* [Instructions for the task] Use the entries below and reproduce exactly the lines from the one containing "[diagram v1b: board, top" down to the one containing "- moved J3 29.2 mm to (104.8, 96.5)", both of them included.

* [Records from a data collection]
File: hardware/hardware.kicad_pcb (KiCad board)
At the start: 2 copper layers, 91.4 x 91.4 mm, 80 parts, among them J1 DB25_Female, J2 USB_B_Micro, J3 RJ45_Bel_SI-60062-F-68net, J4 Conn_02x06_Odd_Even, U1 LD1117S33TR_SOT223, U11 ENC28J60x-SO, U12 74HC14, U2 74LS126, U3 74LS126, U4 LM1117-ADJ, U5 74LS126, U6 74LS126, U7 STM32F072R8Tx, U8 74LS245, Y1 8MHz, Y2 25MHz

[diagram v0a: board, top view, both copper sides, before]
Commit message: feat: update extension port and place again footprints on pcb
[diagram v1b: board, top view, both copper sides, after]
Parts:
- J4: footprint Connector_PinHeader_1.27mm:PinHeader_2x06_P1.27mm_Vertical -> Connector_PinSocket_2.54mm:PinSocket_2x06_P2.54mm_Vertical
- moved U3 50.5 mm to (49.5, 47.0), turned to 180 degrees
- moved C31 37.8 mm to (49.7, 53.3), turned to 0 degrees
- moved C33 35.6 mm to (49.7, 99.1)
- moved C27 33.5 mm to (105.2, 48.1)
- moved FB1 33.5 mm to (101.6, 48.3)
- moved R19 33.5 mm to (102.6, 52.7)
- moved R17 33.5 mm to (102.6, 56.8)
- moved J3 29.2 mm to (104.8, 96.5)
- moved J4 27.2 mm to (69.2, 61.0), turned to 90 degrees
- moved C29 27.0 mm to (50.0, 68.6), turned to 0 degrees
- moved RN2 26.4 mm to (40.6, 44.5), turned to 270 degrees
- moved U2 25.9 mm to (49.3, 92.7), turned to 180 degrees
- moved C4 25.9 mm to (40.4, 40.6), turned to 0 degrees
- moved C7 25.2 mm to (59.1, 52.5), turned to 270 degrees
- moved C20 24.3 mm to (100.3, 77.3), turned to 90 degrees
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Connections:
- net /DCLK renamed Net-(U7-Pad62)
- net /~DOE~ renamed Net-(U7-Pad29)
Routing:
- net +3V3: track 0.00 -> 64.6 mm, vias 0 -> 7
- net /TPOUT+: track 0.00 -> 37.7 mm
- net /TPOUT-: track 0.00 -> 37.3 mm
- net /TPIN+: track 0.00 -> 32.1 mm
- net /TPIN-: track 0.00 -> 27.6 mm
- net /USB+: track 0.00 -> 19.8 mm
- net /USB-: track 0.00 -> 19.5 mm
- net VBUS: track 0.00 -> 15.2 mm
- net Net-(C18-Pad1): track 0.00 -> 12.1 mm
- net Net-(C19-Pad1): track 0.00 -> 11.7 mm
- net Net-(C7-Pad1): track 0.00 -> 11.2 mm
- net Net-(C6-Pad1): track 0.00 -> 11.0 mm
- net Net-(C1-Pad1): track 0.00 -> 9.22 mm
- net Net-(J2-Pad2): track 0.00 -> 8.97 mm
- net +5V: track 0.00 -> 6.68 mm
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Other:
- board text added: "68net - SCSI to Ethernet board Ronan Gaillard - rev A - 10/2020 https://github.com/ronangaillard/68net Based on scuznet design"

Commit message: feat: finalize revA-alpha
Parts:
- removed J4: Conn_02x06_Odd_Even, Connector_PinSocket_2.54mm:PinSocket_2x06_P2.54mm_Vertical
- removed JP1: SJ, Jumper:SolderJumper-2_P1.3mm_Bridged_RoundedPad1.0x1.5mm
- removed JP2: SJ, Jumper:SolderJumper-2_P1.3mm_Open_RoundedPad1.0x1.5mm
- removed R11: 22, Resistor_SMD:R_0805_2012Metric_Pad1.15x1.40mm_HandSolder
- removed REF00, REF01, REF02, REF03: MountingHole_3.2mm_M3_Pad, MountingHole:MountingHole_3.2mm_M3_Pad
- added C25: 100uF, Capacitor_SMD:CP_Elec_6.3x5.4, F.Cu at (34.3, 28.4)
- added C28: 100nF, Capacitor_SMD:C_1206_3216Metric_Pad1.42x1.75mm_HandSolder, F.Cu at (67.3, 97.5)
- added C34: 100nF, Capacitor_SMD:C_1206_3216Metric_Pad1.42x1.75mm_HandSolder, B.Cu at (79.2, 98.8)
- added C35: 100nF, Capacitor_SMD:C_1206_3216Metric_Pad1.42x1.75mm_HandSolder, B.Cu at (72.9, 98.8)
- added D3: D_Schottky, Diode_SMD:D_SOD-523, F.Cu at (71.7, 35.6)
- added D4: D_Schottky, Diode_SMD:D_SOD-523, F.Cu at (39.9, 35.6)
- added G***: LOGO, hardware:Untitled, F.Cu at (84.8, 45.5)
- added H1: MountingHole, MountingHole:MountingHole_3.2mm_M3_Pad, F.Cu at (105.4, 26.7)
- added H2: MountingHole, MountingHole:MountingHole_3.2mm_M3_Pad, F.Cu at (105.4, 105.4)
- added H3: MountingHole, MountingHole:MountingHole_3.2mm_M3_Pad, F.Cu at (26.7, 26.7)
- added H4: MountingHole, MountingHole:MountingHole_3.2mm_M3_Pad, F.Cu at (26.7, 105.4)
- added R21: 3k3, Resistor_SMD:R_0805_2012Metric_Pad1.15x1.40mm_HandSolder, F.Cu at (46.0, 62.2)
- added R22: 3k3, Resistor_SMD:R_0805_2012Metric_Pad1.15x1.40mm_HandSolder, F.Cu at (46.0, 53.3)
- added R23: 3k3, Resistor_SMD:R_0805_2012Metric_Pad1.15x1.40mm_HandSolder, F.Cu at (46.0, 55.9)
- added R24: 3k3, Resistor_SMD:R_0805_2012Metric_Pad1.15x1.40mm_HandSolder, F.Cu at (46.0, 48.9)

* [Problem solution]
[diagram v1b: board, top view, both copper sides, after]
Parts:
- J4: footprint Connector_PinHeader_1.27mm:PinHeader_2x06_P1.27mm_Vertical -> Connector_PinSocket_2.54mm:PinSocket_2x06_P2.54mm_Vertical
- moved U3 50.5 mm to (49.5, 47.0), turned to 180 degrees
- moved C31 37.8 mm to (49.7, 53.3), turned to 0 degrees
- moved C33 35.6 mm to (49.7, 99.1)
- moved C27 33.5 mm to (105.2, 48.1)
- moved FB1 33.5 mm to (101.6, 48.3)
- moved R19 33.5 mm to (102.6, 52.7)
- moved R17 33.5 mm to (102.6, 56.8)
- moved J3 29.2 mm to (104.8, 96.5)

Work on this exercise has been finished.